[DATA — start]

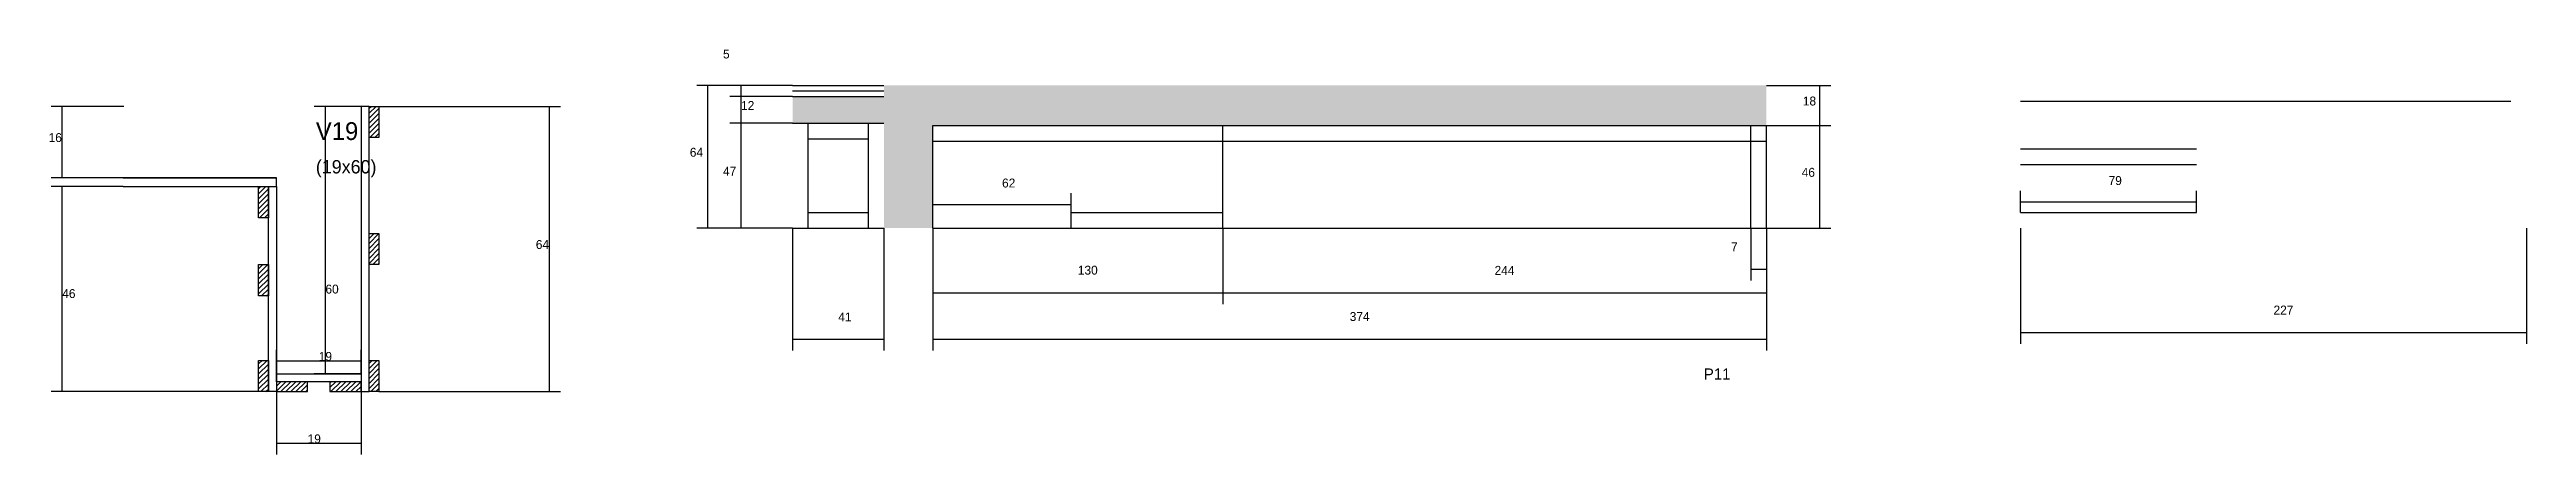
# Model space of a CAD drawing. Header units: metres. Extents: x -8719 to -7607, y 9600 to 9782.
import ezdxf

# ---------------------------------------------------------------- set-up
doc = ezdxf.new("R2010")
doc.units = ezdxf.units.M
for name, color, linetype in [('COTA', 241, 'Continuous'), ('Madeira', 126, 'Continuous'), ('NOMENCLATURA', 7, 'Continuous'), ('Painéis', 200, 'Continuous'), ('SARR_2.2x7', 40, 'Continuous'), ('SARR_EDITAR', 141, 'Continuous'), ('Texto Seção', 7, 'Continuous')]:
    doc.layers.add(name, color=color, linetype=linetype)

msp = doc.modelspace()

# ---------------------------------------------------------------- hatches: boundary and pattern name
at = {"layer": 'COTA'}
h = msp.add_hatch(dxfattribs=at)
h.set_pattern_fill('AR-CONC', scale=0.03)
h.paths.add_polyline_path([(-8385.3, 9748.9), (-8344.3, 9748.9), (-8344.3, 9701.9), (-8322.3, 9701.9), (-8322.3, 9747.9), (-7948.3, 9747.9), (-7948.3, 9765.9), (-8344.3, 9765.9), (-8344.3, 9760.9), (-8385.3, 9760.9)])
at = {"layer": 'Madeira'}
h = msp.add_hatch(dxfattribs=at)
h.set_pattern_fill('ANSI31', scale=0.5)
h.paths.add_polyline_path([(-8570.9, 9756.5), (-8575.3, 9756.5), (-8575.3, 9742.5), (-8570.9, 9742.5)])
h = msp.add_hatch(dxfattribs=at)
h.set_pattern_fill('ANSI31', scale=0.5)
h.paths.add_polyline_path([(-8620.5, 9720.5), (-8624.9, 9720.5), (-8624.9, 9706.5), (-8620.5, 9706.5)])
h = msp.add_hatch(dxfattribs=at)
h.set_pattern_fill('ANSI31', scale=0.5)
h.paths.add_polyline_path([(-8570.9, 9699.5), (-8575.3, 9699.5), (-8575.3, 9685.5), (-8570.9, 9685.5)])
h = msp.add_hatch(dxfattribs=at)
h.set_pattern_fill('ANSI31', scale=0.5)
h.paths.add_polyline_path([(-8620.5, 9685.5), (-8624.9, 9685.5), (-8624.9, 9671.5), (-8620.5, 9671.5)])
h = msp.add_hatch(dxfattribs=at)
h.set_pattern_fill('ANSI31', scale=0.5)
h.paths.add_polyline_path([(-8620.5, 9642.5), (-8624.9, 9642.5), (-8624.9, 9628.5), (-8620.5, 9628.5)])
h = msp.add_hatch(dxfattribs=at)
h.set_pattern_fill('ANSI31', scale=0.5)
h.paths.add_polyline_path([(-8570.9, 9642.5), (-8575.3, 9642.5), (-8575.3, 9628.5), (-8570.9, 9628.5)])
h = msp.add_hatch(dxfattribs=at)
h.set_pattern_fill('ANSI31', scale=0.5)
h.paths.add_polyline_path([(-8616.9, 9632.9), (-8616.9, 9628.5), (-8602.9, 9628.5), (-8602.9, 9632.9)])
h = msp.add_hatch(dxfattribs=at)
h.set_pattern_fill('ANSI31', scale=0.5)
h.paths.add_polyline_path([(-8592.9, 9632.9), (-8592.9, 9628.5), (-8578.9, 9628.5), (-8578.9, 9632.9)])

# ---------------------------------------------------------------- linework, layer by layer
at = {"layer": 'COTA'}
for p, q in [((-8385.3, 9765.9), (-8428.3, 9765.9)), ((-8423.3, 9701.9), (-8423.3, 9765.9)), ((-8385.3, 9765.9), (-8413.4, 9765.9)), ((-8385.3, 9760.9), (-8413.4, 9760.9)), ((-8385.3, 9760.9), (-8413.4, 9760.9)), ((-8408.4, 9760.9), (-8408.4, 9765.9)), ((-8408.4, 9748.9), (-8408.4, 9760.9)), ((-7948.3, 9765.9), (-7919.4, 9765.9)), ((-7924.4, 9747.9), (-7924.4, 9765.9)), ((-8685.4, 9756.5), (-8718, 9756.5)), ((-8713, 9724.5), (-8713, 9756.5)), ((-8578.9, 9756.5), (-8599.9, 9756.5)), ((-8594.9, 9636.5), (-8594.9, 9756.5)), ((-8570.9, 9756.5), (-8489.4, 9756.5)), ((-8494.4, 9628.5), (-8494.4, 9756.5)), ((-8385.3, 9748.9), (-8413.4, 9748.9)), ((-8385.3, 9748.9), (-8413.4, 9748.9)), ((-8408.4, 9701.9), (-8408.4, 9748.9)), ((-7948.3, 9747.9), (-7919.4, 9747.9)), ((-7948.3, 9747.9), (-7919.4, 9747.9)), ((-7924.4, 9701.9), (-7924.4, 9747.9)), ((-8685.6, 9724.5), (-8718, 9724.5)), ((-8685.6, 9720.5), (-8718, 9720.5)), ((-8713, 9628.5), (-8713, 9720.5)), ((-8322.3, 9701.9), (-8322.3, 9717.5)), ((-8260.3, 9708.9), (-8260.3, 9717.5)), ((-7834.3, 9708.9), (-7834.3, 9718.6)), ((-7834.3, 9713.6), (-7755.3, 9713.6)), ((-7755.3, 9708.9), (-7755.3, 9718.6)), ((-8322.3, 9712.5), (-8260.3, 9712.5)), ((-8385.3, 9701.9), (-8428.3, 9701.9)), ((-8385.3, 9701.9), (-8413.4, 9701.9)), ((-8385.3, 9701.9), (-8385.3, 9647)), ((-8344.3, 9701.9), (-8344.3, 9647)), ((-8322.3, 9701.9), (-8322.3, 9667.8)), ((-8322.3, 9701.9), (-8322.3, 9647)), ((-8192.3, 9701.9), (-8192.3, 9667.8)), ((-8192.3, 9701.9), (-8192.3, 9667.8)), ((-7955.3, 9701.9), (-7955.3, 9678.4)), ((-7948.3, 9701.9), (-7948.3, 9667.8)), ((-7948.3, 9701.9), (-7948.3, 9647)), ((-7948.3, 9701.9), (-7919.4, 9701.9)), ((-7948.3, 9701.9), (-7948.3, 9678.4)), ((-7834.3, 9701.9), (-7834.3, 9650)), ((-7607.3, 9701.9), (-7607.3, 9650)), ((-7955.3, 9683.4), (-7948.3, 9683.4)), ((-8322.3, 9672.8), (-8192.3, 9672.8)), ((-8192.3, 9672.8), (-7948.3, 9672.8)), ((-8616.9, 9636.5), (-8616.9, 9647.3)), ((-8578.9, 9636.5), (-8578.9, 9647.3)), ((-8385.3, 9652), (-8344.3, 9652)), ((-8322.3, 9652), (-7948.3, 9652)), ((-7834.3, 9655), (-7607.3, 9655)), ((-8616.9, 9642.3), (-8578.9, 9642.3)), ((-8578.9, 9636.5), (-8599.9, 9636.5)), ((-8624.9, 9628.5), (-8718, 9628.5)), ((-8616.9, 9628.5), (-8616.9, 9600.3)), ((-8578.9, 9628.5), (-8578.9, 9600.3)), ((-8570.9, 9628.5), (-8489.4, 9628.5)), ((-8616.9, 9605.3), (-8578.9, 9605.3))]:
    msp.add_line(p, q, dxfattribs=at)
at = {"layer": 'Madeira'}
for points in [[(-8570.9, 9756.5), (-8570.9, 9742.5), (-8575.3, 9742.5), (-8575.3, 9756.5)], [(-8620.5, 9720.5), (-8620.5, 9706.5), (-8624.9, 9706.5), (-8624.9, 9720.5)], [(-8570.9, 9699.5), (-8570.9, 9685.5), (-8575.3, 9685.5), (-8575.3, 9699.5)], [(-8620.5, 9685.5), (-8620.5, 9671.5), (-8624.9, 9671.5), (-8624.9, 9685.5)], [(-8620.5, 9642.5), (-8620.5, 9628.5), (-8624.9, 9628.5), (-8624.9, 9642.5)], [(-8570.9, 9642.5), (-8570.9, 9628.5), (-8575.3, 9628.5), (-8575.3, 9642.5)], [(-8602.9, 9632.9), (-8616.9, 9632.9), (-8616.9, 9628.5), (-8602.9, 9628.5)], [(-8578.9, 9632.9), (-8592.9, 9632.9), (-8592.9, 9628.5), (-8578.9, 9628.5)]]:
    msp.add_lwpolyline(points, close=True, dxfattribs=at)
at = {"layer": 'Painéis'}
for p, q in [((-8385.3, 9765.9), (-8344.3, 9765.9)), ((-8385.3, 9760.9), (-8344.3, 9760.9)), ((-8385.3, 9748.9), (-8344.3, 9748.9)), ((-8322.3, 9747.9), (-7948.3, 9747.9)), ((-8322.3, 9701.9), (-8322.3, 9747.9)), ((-8192.3, 9701.9), (-8192.3, 9747.9)), ((-7948.3, 9701.9), (-7948.3, 9747.9)), ((-8685.6, 9724.5), (-8616.9, 9724.5)), ((-8685.6, 9720.5), (-8616.9, 9720.5)), ((-8385.3, 9701.9), (-8344.3, 9701.9)), ((-8322.3, 9701.9), (-7948.3, 9701.9))]:
    msp.add_line(p, q, dxfattribs=at)
for points in [[(-8575.3, 9628.5), (-8575.3, 9756.5), (-8578.9, 9756.5), (-8578.9, 9628.5)], [(-8620.5, 9628.5), (-8620.5, 9720.5), (-8616.9, 9720.5), (-8616.9, 9628.5)], [(-8616.9, 9636.5), (-8578.9, 9636.5), (-8578.9, 9632.9), (-8616.9, 9632.9)]]:
    msp.add_lwpolyline(points, close=True, dxfattribs=at)
msp.add_lwpolyline([(-8685.6, 9720.5), (-8616.9, 9720.5), (-8616.9, 9724.5), (-8685.6, 9724.5)], dxfattribs=at)
at = {"layer": 'SARR_2.2x7'}
for p, q in [((-7834.3, 9758.9), (-7614.3, 9758.9)), ((-8378.3, 9701.9), (-8378.3, 9748.9)), ((-8351.3, 9701.9), (-8351.3, 9748.9)), ((-7955.3, 9701.9), (-7955.3, 9747.9)), ((-8378.3, 9741.9), (-8351.3, 9741.9)), ((-8322.3, 9740.9), (-8192.3, 9740.9)), ((-8192.3, 9740.9), (-7948.3, 9740.9)), ((-7834.3, 9737.4), (-7755.3, 9737.4)), ((-7834.3, 9730.4), (-7755.3, 9730.4)), ((-8378.3, 9708.9), (-8351.3, 9708.9)), ((-8260.3, 9708.9), (-8192.3, 9708.9)), ((-8260.3, 9701.9), (-8260.3, 9708.9)), ((-7834.3, 9708.9), (-7755.3, 9708.9)), ((-8260.3, 9701.9), (-8256.8, 9701.9))]:
    msp.add_line(p, q, dxfattribs=at)
at = {"layer": 'SARR_EDITAR'}
msp.add_line((-8385.3, 9763.4), (-8344.3, 9763.4), dxfattribs=at)

# ---------------------------------------------------------------- texts
at = {"layer": 'COTA'}
for s, p in [('5', (-8416.5, 9778)), ('12', (-8408.4, 9754.9)), ('18', (-7932, 9756.9)), ('16', (-8719.1, 9740.5)), ('64', (-8431.4, 9733.9)), ('47', (-8416.5, 9725.4)), ('46', (-7932.5, 9724.9)), ('79', (-7794.8, 9721.2)), ('62', (-8291.3, 9720.1)), ('64', (-8500.5, 9692.5)), ('7', (-7964.2, 9691.5)), ('130', (-8257.3, 9681)), ('244', (-8070.3, 9680.9)), ('46', (-8713, 9670.5)), ('60', (-8594.9, 9672.5)), ('41', (-8364.8, 9660)), ('374', (-8135.3, 9660.2)), ('227', (-7720.8, 9663.1)), ('19', (-8597.9, 9642.3)), ('19', (-8602.9, 9605.3))]:
    msp.add_text(s, height=4, dxfattribs=at).set_placement(p)
at = {"layer": 'NOMENCLATURA'}
msp.add_text('P11', height=5, dxfattribs=at).set_placement((-7976.4, 9633.9))
at = {"layer": 'Texto Seção'}
for s, height, p in [('V19', 8, (-8599.2, 9741.4)), ('(19x60)', 6, (-8599.2, 9726.4))]:
    msp.add_text(s, height=height, dxfattribs=at).set_placement(p)

doc.saveas('drawing.dxf')

[DATA — finish]

## TASK TO COMPLETE
Your answer must consist solely of the lines from the one containing "height=5, dxfattribs=at).set_placement((-7976.4, 9633.9))" through the last line of the entries, reproduced exactly.

## OUTPUT FOR THIS EXERCISE
msp.add_text('P11', height=5, dxfattribs=at).set_placement((-7976.4, 9633.9))
at = {"layer": 'Texto Seção'}
for s, height, p in [('V19', 8, (-8599.2, 9741.4)), ('(19x60)', 6, (-8599.2, 9726.4))]:
    msp.add_text(s, height=height, dxfattribs=at).set_placement(p)

doc.saveas('drawing.dxf')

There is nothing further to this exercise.